▸ Task goal
Reproduce, exactly and in full, the lines from the one with "settings ModelReferenceCC: EnableRefExpFcnMdlSchedulingChecks=on" through the one with "Bus Element In4" in the data below; drop pictures.

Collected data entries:
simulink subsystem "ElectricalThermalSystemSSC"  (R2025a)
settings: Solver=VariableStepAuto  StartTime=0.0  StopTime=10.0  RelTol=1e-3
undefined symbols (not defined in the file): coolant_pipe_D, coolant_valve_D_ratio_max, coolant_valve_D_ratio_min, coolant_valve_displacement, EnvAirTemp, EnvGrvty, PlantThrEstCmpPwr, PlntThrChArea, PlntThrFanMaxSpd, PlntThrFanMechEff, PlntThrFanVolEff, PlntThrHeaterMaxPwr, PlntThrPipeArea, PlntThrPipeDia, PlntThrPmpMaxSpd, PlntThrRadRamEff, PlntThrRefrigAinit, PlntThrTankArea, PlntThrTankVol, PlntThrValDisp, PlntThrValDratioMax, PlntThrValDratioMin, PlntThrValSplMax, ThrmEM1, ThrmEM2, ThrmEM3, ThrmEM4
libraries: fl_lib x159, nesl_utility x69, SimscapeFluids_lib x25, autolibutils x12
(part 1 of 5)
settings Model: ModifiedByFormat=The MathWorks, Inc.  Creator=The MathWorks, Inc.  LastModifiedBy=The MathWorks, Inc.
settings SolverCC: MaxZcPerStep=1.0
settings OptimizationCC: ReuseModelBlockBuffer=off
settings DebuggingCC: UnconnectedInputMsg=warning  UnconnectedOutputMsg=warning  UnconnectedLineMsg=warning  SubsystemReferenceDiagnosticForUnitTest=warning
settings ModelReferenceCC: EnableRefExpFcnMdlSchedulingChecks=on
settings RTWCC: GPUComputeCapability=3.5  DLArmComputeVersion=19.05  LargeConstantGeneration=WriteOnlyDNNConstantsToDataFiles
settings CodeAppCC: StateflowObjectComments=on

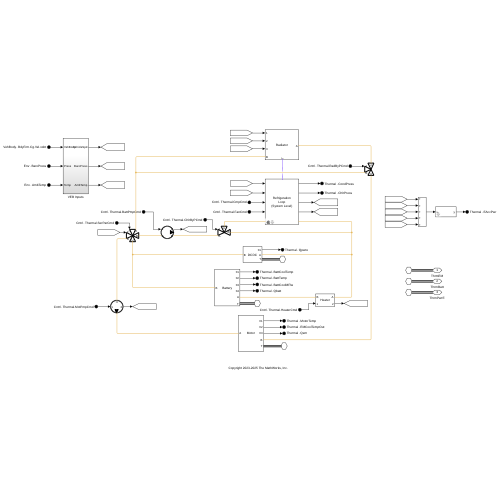
[thumbnail: Simulink's stored preview of the top-level diagram]
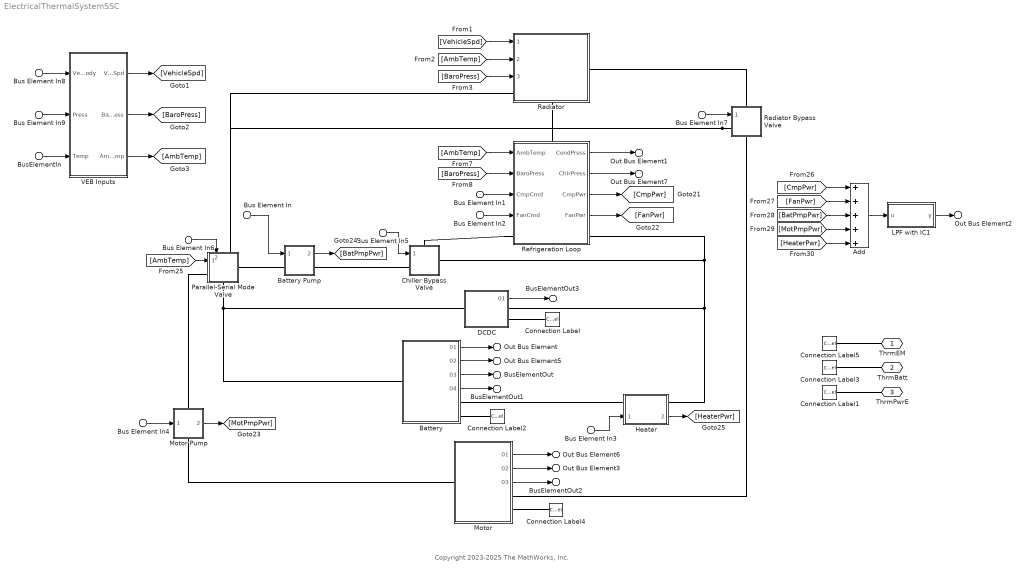
== system ElectricalThermalSystemSSC ==
  note: Copyright 2023-2025 The MathWorks, Inc.
  Bus Element In4 : Inport  PortName=Cntrl  Element=Thermal.MotPmpCmd
  Bus Element In6 : Inport  PortName=Cntrl  Element=Thermal.SerParCmd
  Bus Element In2 : Inport  PortName=Cntrl  Element=Thermal.FanCmd
  Bus Element In7 : Inport  PortName=Cntrl  Element=Thermal.RadByPCmd
  Bus Element In1 : Inport  PortName=Cntrl  Element=Thermal.CmpCmd
  Bus Element In3 : Inport  PortName=Cntrl  Element=Thermal.HeaterCmd
  Bus Element In : Inport  PortName=Cntrl  Element=Thermal.BattPmpCmd
  Bus Element In5 : Inport  PortName=Cntrl  Element=Thermal.ChlrByPCmd
  Bus Element In8 : Inport  Port=2  PortName=VehBody  Element=BdyFrm.Cg.Vel.xdot
  Bus Element In9 : Inport  Port=3  PortName=Env  Element=BaroPress
  BusElementIn : Inport  Port=3  PortName=Env  Element=AmbTemp
  Add : Sum  Inputs=+++++
  Battery : Subsystem  Tag=PublishSubsystem
      mask Display: disp(get_param(gcb, 'Name'))
  Battery Pump : Subsystem  Tag=PublishSubsystem
      mask Display:
      | plot(100*cos(linspace(0, 2*pi, 500)), 100*sin(linspace(0, 2*pi, 500)))
      | patch([100 55 55 100]-1, [0 24 -24 0], [0 0 0])
  Chiller Bypass Valve : Subsystem  Tag=PublishSubsystem
      settings: PortSchema="{\"entries\":[{\"content\":{\"sides\":[{\"content\":{\"connectorIds\":[\"In1\",\"LConn1\"]},\"type\":\"ConnectorPlacement.EquallySpacedRectSide\",\"uuid\":\"6d832dc2-b60e-40b1-a4f2-705eabcb1b94\"},{\"content\":{\"connectorIds\":[\"RConn1\"],\"side\":\"RIGHT\"},\"type\":\"ConnectorPlacement.EquallySpacedRectSide\",\"uuid\":\"14466d4b-d366-4217-9b68-7dedef557cda\"},{\"content\":{\"connectorIds\":[\"LConn2\"],\"side\":\"TOP\"},\"type\":\"ConnectorPlacement.EquallySpacedRectSide\",\"uuid\":\"a673b71e-6232-4949-9217-0d4d0fced751\"}]},\"type\":\"ConnectorPlacement.EquallySpacedConnector\",\"uuid\":\"e7c23af8-b365-4139-b104-c2b6ff749898\"}],\"packageUris\":[\"http://schema.mathworks.com/mf0/Connector/R2020b\"],\"version\":\"1.0\"}"
      mask Display:
      | color('white')
      | plot(100, 100)
      | plot(-100, -100)
      | color('black')
      | 
      | plot([0 -100 -100 0], [0 50 -50 0])
      | plot([0 100 100 0], [0 50 -50 0])
      | plot([0 50 -50 0], [0 100 100 0])
  Connection Label : ConnectionLabel  Label=ThrmPwrE
  Connection Label1 : ConnectionLabel  Label=ThrmPwrE
  Connection Label2 : ConnectionLabel  Label=ThrmBatt
  Connection Label3 : ConnectionLabel  Label=ThrmBatt
  Connection Label4 : ConnectionLabel  Label=ThrmEM
  Connection Label5 : ConnectionLabel  Label=ThrmEM
  DCDC : Subsystem  Tag=PublishSubsystem
      mask Display: disp(get_param(gcb, 'Name'))
  Heater : Subsystem  Tag=PublishSubsystem
      mask Display: disp(get_param(gcb, 'Name'))
  LPF with IC1 : Subsystem  mask{wc=10, InitCond=0, dataType=off}
      mask prompts: wc "Cutoff frequency, wc [rad/s]"; InitCond "Initial condition, InitCond [same as u]"; dataType "Enforce same input data type"
      mask TypeOptions wc: Cont LPF IC/wc
      mask TypeOptions InitCond: Initial Condition/Value
      mask TypeOptions dataType: Cont LPF IC/dataType
  Motor : Subsystem  Tag=PublishSubsystem
      mask Display: disp(get_param(gcb, 'Name'))
  Motor Pump : Subsystem  Tag=PublishSubsystem
      settings: PortSchema="{\"entries\":[{\"content\":{\"sides\":[{\"content\":{\"connectorIds\":[\"In1\"]},\"type\":\"ConnectorPlacement.EquallySpacedRectSide\",\"uuid\":\"998a9c6b-bb40-4bcc-a380-2cd5a078b990\"},{\"content\":{\"connectorIds\":[\"Out1\"],\"side\":\"RIGHT\"},\"type\":\"ConnectorPlacement.EquallySpacedRectSide\",\"uuid\":\"42ec83ef-b217-4586-a8aa-6044af8db7a9\"},{\"content\":{\"connectorIds\":[\"LConn1\"],\"side\":\"TOP\"},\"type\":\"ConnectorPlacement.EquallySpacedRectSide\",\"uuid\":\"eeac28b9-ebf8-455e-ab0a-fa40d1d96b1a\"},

▸ Task output
settings ModelReferenceCC: EnableRefExpFcnMdlSchedulingChecks=on
settings RTWCC: GPUComputeCapability=3.5  DLArmComputeVersion=19.05  LargeConstantGeneration=WriteOnlyDNNConstantsToDataFiles
settings CodeAppCC: StateflowObjectComments=on

[thumbnail: Simulink's stored preview of the top-level diagram]
== system ElectricalThermalSystemSSC ==
  note: Copyright 2023-2025 The MathWorks, Inc.
  Bus Element In4 : Inport  PortName=Cntrl  Element=Thermal.MotPmpCmd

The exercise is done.